Communications Authority Bill

The Bill was put forward by the Secretary for Commerce, Industry and Technology ("the Secretary") to effect the transfer of and use of personal data from the Broadcasting Authority ("BA") and Telecommunications Authority ("TA") to the new regulator, namely, the Communications Authority ("CA").

The Commissioner had no objection in principle to the transfer and use of personal data necessitated by the proposed merger. He however reminded the Secretary that the Bill should expressly contain a saving provision so that the Commissioner's exercise of power under the Ordinance which he could have exercised against BA and TA would not be affected in respect of a breach or alleged breach of the Ordinance or the data protection principles immediately before the appointed date for the Bill. This serves to preserve the Commissioner's powers in dealing with antecedent breaches which is essential for safeguarding personal data privacy rights of individuals for acts done or practice engaged in by BA and TA before the merger took place.

Prevention and Control of Disease Bill

For attaining the objective of preventing the introduction into and spread of any disease or contamination in Hong Kong, the Bill sought to confer powers upon the Secretary for Food and Health ("the Secretary") to make regulations ("the Regulations") requiring notification of infectious diseases from medical practitioners, travellers and operators of conveyance as well as the power to disclose to the public any information that is relevant to a public health emergency.

The Commissioner raised the following issues of personal data privacy concerns with the Secretary: (i) that any collection of personal data, in particular, sensitive health data of the individuals shall be necessary, adequate but not excessive under DPP1; (ii) that only necessary personal data for attaining the statutory purpose be disclosed to the public; (iii) that any medical surveillance, examination and test to be conducted on individuals whereby personal data may be collected shall not be more intrusive than is necessary for ascertaining that person's health condition; (iv) that any information or samples to be submitted by these individuals for the purpose of examination and testing should as far as practicable be obtained with their prescribed consent; (v) that the personal data so collected should be safely kept and properly erased after use; (vi) that warrant should be obtained when exercising power of entry into non-residential premises; and (vii) that the proposed immunity of personal liability of health officers in purported exercise of the powers conferred under the Bill should not derogate their obligation to comply with the requirements of the Ordinance and the right of data subjects to claim damages under section 66 of the Ordinance.

For (i) and (ii), the Secretary confirmed that sufficient safeguards would be included in the Regulations to ensure that where personal data were involved, the provisions would comply with the requirements of the Ordinance.
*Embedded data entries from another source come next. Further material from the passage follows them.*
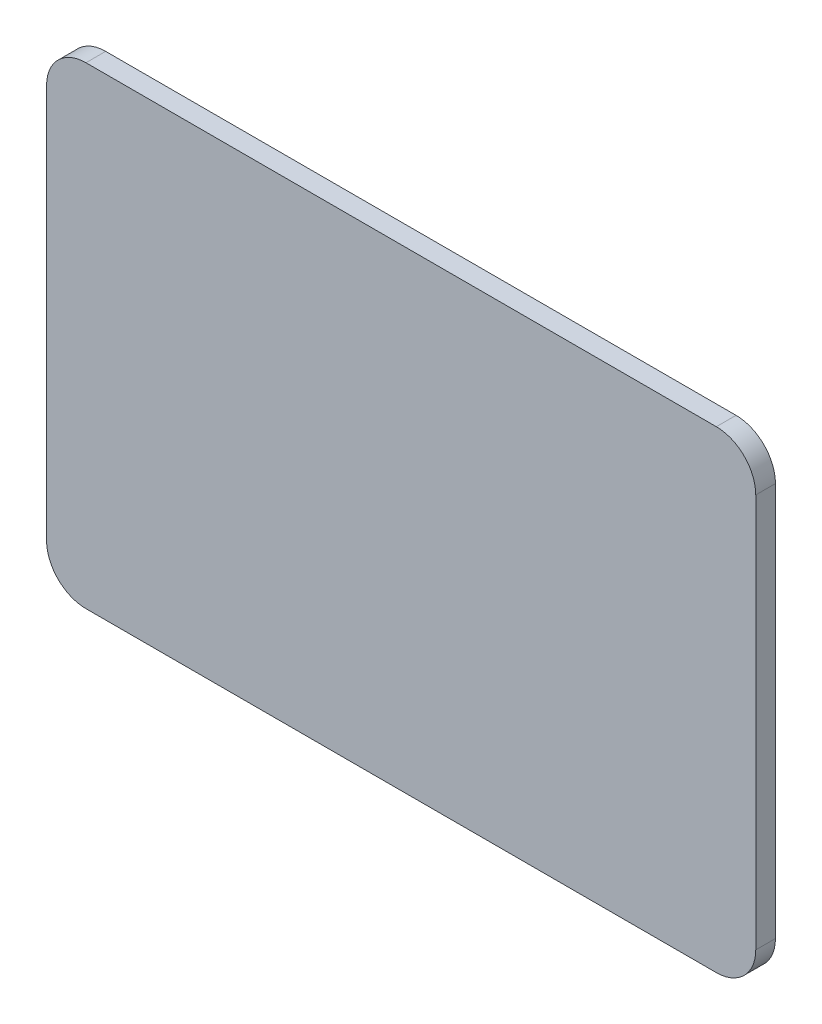
from build123d import *

# Parameters (mm, degrees)
SKETCH1_W           = 114.3
SKETCH1_H           = 76.2
BOSS_EXTRUDE1_DEPTH = 3.175
FILLET1_R           = 6.35


with BuildPart() as part:
    # Sketch1 → Boss-Extrude1 (new body)
    with BuildSketch(Plane.XY):
        Rectangle(SKETCH1_W, SKETCH1_H)
    extrude(amount=BOSS_EXTRUDE1_DEPTH)

    # Fillet1
    fillet1_edges = [part.edges().sort_by_distance(p)[0] for p in [
        (57.15, -38.1, 1.5875),
        (-57.15, -38.1, 1.5875),
        (-57.15, 38.1, 1.5875),
        (57.15, 38.1, 1.5875),
    ]]
    fillet(fillet1_edges, radius=FILLET1_R)


solid = part.part
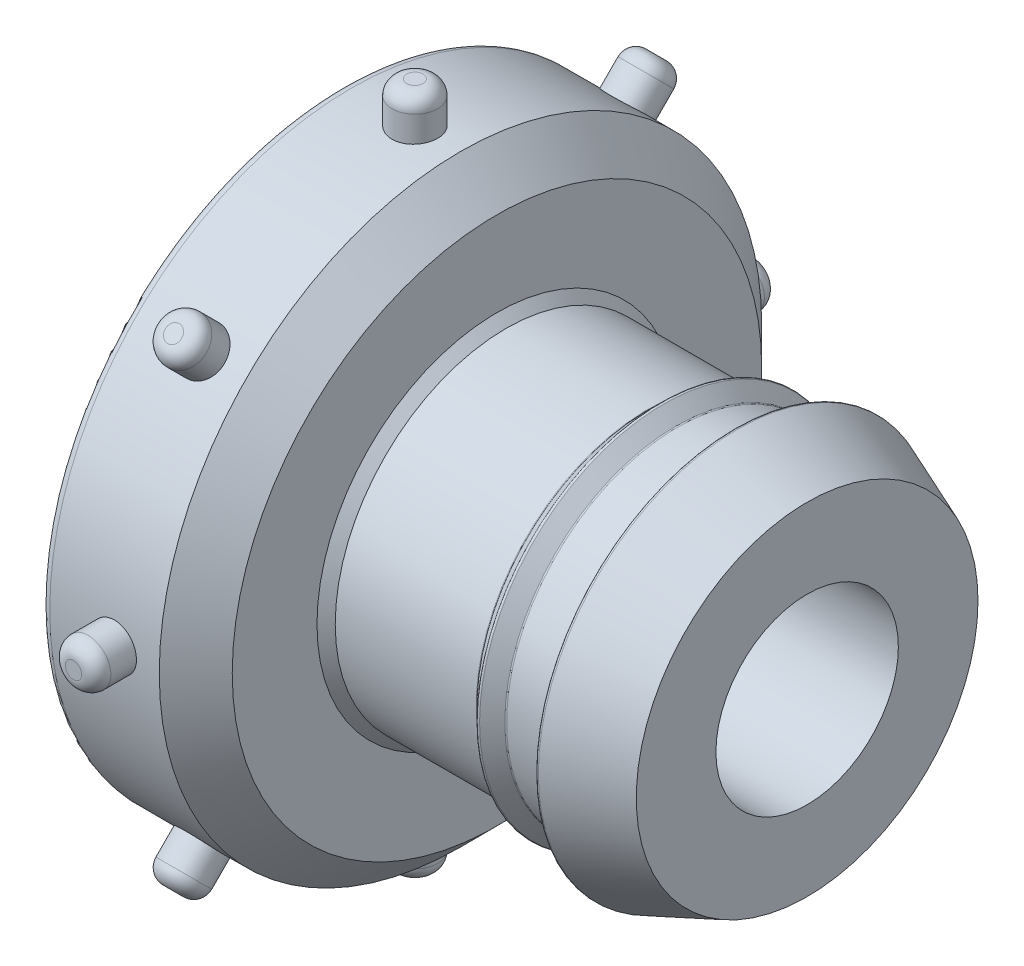
from build123d import *

# Parameters (mm, degrees)
SKETCH2_R                = 16.51
SKETCH2_R_2              = 9.365
SKETCH2_R_3              = 5
BOSS_EXTRUDE1_DEPTH      = 8.5
SKETCH4_W                = 18.18
SKETCH4_H                = 13.55
CUT_EXTRUDE1_DEPTH       = 7
SKETCH6_R                = 0.9
FILLET1_R                = 1
BOSS_EXTRUDE2_START      = -2
SKETCH7_R                = 1.25
BOSS_EXTRUDE2_DEPTH      = 4.2
FILLET2_R                = 0.8
CIRPATTERN1_COUNT        = 8
FILLET2_OF_CIRPATTERN1_R = 0.8
CHAMFER1_SIZE            = 2
FILLET3_R                = 0.5
FILLET4_R                = 0.1
CHAMFER2_SIZE            = 0.5
CUT_EXTRUDE2_DEPTH       = 32.450408582
CUT_EXTRUDE2_DEPTH_BACK  = 32.450408582
SKETCH2_3_R              = 5
CHAMFER3_SIZE            = 1
CHAMFER3_SIZE2           = 4.010780934
SKETCH8_W                = 4.09
SKETCH8_H                = 7.65
BOSS_EXTRUDE3_DEPTH      = 0.64
FILLET5_R                = 0.5


with BuildPart() as part:
    # Sketch1 → Revolve1 (revolve)
    with BuildSketch(Plane(origin=(0, 0, 0), x_dir=(1, 0, 0), z_dir=(0, 1, 0))):
        Polygon((0, 0), (-17, 0), (-17, 9.365), (-8.73, 9.365), (-7.94, 10.155), (-7.15, 9.365), (-3.97, 9.365), (-3.97, 10.955), (0, 9.365), align=None)
    revolve(axis=Axis((0, 0, 0), (-1, 0, 0)))

    # Sketch2 → Boss-Extrude1 (add)
    # profile 1 of 2: a face of its own
    with BuildSketch(Plane.ZY.offset(17)):
        Circle(SKETCH2_R)
        with Locations(Location((0, 0, 0), (0, 0, 180))):
            Circle(SKETCH2_R_2, mode=Mode.SUBTRACT)
    # profile 2 of 2: a face of its own
    with BuildSketch(Plane.ZY.offset(17)):
        with Locations(Location((0, 0, 0), (0, 0, 180))):
            Circle(SKETCH2_R_2)
        Circle(SKETCH2_R_3, mode=Mode.SUBTRACT)
    extrude(amount=BOSS_EXTRUDE1_DEPTH)

    # Sketch4 → Cut-Extrude1 (cut)
    with BuildSketch(Plane.ZY.offset(25.5)):
        with Locations((0, -0.145)):
            Rectangle(SKETCH4_W, SKETCH4_H)
    extrude(amount=-CUT_EXTRUDE1_DEPTH, mode=Mode.SUBTRACT)

    # Sketch6 → Cut-Revolve1 (revolve, cut)
    with BuildSketch(Plane.XY, mode=Mode.PRIVATE) as cut_revolve1_sk:
        with Locations((-25.5, 14.14)):
            Circle(SKETCH6_R)
    revolve(cut_revolve1_sk.sketch.rotate(Axis((-35.027065124, 0, 0), (1, 0, 0)), 90), axis=Axis((-35.027065124, 0, 0), (1, 0, 0)), mode=Mode.SUBTRACT)

    # Fillet1
    fillet1_edges = [part.edges().sort_by_distance(p)[0] for p in [
        (-25.5, 0, -13.24),
    ]]
    fillet(fillet1_edges, radius=FILLET1_R)

    # Sketch7 → Boss-Extrude2 (add)
    with BuildSketch(Plane(origin=(0, 16.51, 0), x_dir=(1, 0, 0), z_dir=(0, 1, 0)).offset(BOSS_EXTRUDE2_START)):
        with Locations(Location((-21.5, 0, 0), (0, 0, 270))):
            Circle(SKETCH7_R)
    boss_extrude2 = extrude(amount=BOSS_EXTRUDE2_DEPTH)

    # Fillet2
    fillet2_edges = [part.edges().sort_by_distance(p)[0] for p in [
        (-21.5, 18.71, -1.25),
    ]]
    fillet(fillet2_edges, radius=FILLET2_R)

    # CirPattern1: Boss-Extrude2 ×8 about axis
    cirpattern1_axis = Axis((0, 0, 0), (1, 0, 0))
    for i in range(1, CIRPATTERN1_COUNT):
        add(boss_extrude2.rotate(cirpattern1_axis, i * 360 / CIRPATTERN1_COUNT))

    # Fillet2 of CirPattern1
    fillet2_of_cirpattern1_edges = [part.edges().sort_by_distance(p)[0] for p in [
        (-21.5, 14.113851352, 12.3460844),
        (-21.5, 1.25, 18.71),
        (-21.5, -12.3460844, 14.113851352),
        (-21.5, -18.71, 1.25),
        (-21.5, -14.113851352, -12.3460844),
        (-21.5, -1.25, -18.71),
        (-21.5, 12.3460844, -14.113851352),
    ]]
    fillet(fillet2_of_cirpattern1_edges, radius=FILLET2_OF_CIRPATTERN1_R)

    # Chamfer1
    chamfer1_edges = [part.edges().sort_by_distance(p)[0] for p in [
        (-17, 0, -16.51),
    ]]
    chamfer(chamfer1_edges, length=CHAMFER1_SIZE)

    # Fillet3
    fillet3_edges = [part.edges().sort_by_distance(p)[0] for p in [
        (-25.5, 0, -16.51),
    ]]
    fillet(fillet3_edges, radius=FILLET3_R)

    # Fillet4
    fillet4_edges = [part.edges().sort_by_distance(p)[0] for p in [
        (-3.97, 0, 9.365),
        (-3.97, 0, 10.955),
        (-8.73, 0, 9.365),
        (-7.94, 0, 10.155),
        (-7.15, 0, 9.365),
    ]]
    fillet(fillet4_edges, radius=FILLET4_R)

    # Chamfer2
    chamfer2_edges = [part.edges().sort_by_distance(p)[0] for p in [
        (-17, 0, 9.365),
    ]]
    chamfer(chamfer2_edges, length=CHAMFER2_SIZE)

    # Sketch2<3> → Cut-Extrude2 (cut, two sides: drawn at the far end of the back side and taken through both)
    with BuildSketch(Plane.ZY.offset(17).offset(-CUT_EXTRUDE2_DEPTH_BACK)):
        with Locations(Location((0, 0, 0), (0, 0, 180))):
            Circle(SKETCH2_3_R)
    extrude(amount=CUT_EXTRUDE2_DEPTH + CUT_EXTRUDE2_DEPTH_BACK, mode=Mode.SUBTRACT)

    # Chamfer3
    chamfer3_edges = [part.edges().sort_by_distance(p)[0] for p in [
        (-25.5, -6.92, 0),
    ]]
    chamfer3_side = [part.faces().sort_by_distance(p)[0] for p in [
        (-25.5, 0, -12.170205593),
    ]]
    chamfer(chamfer3_edges, length=CHAMFER3_SIZE, length2=CHAMFER3_SIZE2, reference=chamfer3_side[0])

    # Sketch8 → Boss-Extrude3 (add)
    with BuildSketch(Plane.ZY.offset(18.5)):
        with Locations((-7.045, -3.095)):
            Rectangle(SKETCH8_W, SKETCH8_H)
    extrude(amount=BOSS_EXTRUDE3_DEPTH)

    # Fillet5
    fillet5_edges = [part.edges().sort_by_distance(p)[0] for p in [
        (-19.14, -3.095, -5),
        (-19.14, 0.73, -7.045),
    ]]
    fillet(fillet5_edges, radius=FILLET5_R)


solid = part.part

For (iii) and (iv), the wording of the Regulations had been amended to require that the medical surveillance, examination or test conducted "must not be more intrusive or invasive than is necessary for ascertaining the person's health condition".

For (v), the Secretary stated that the Department of Health had clear data protection policy and guidelines to cover collection, retention, use, etc. of personal data and assured the Commissioner that personal data collected would not be kept longer than is necessary and that relevant security measures are in place for safe custody of the personal data.

In relation to (vi), the Secretary maintained that quick response was required to contain or control the disease but added that the security of privacy interest was built in that (a) the exercise of such power must be based on "reasonable suspicion"; and (b) the entry into residential premises still required the obtaining of a warrant from Magistrate. In respect of the proposed immunity of liability, the Secretary confirmed that there was express provision in the Bill that such protection "does not affect any liability in tort of the Government for that act or omission". The right to claim for damage under section 66 against the Government was therefore not affected.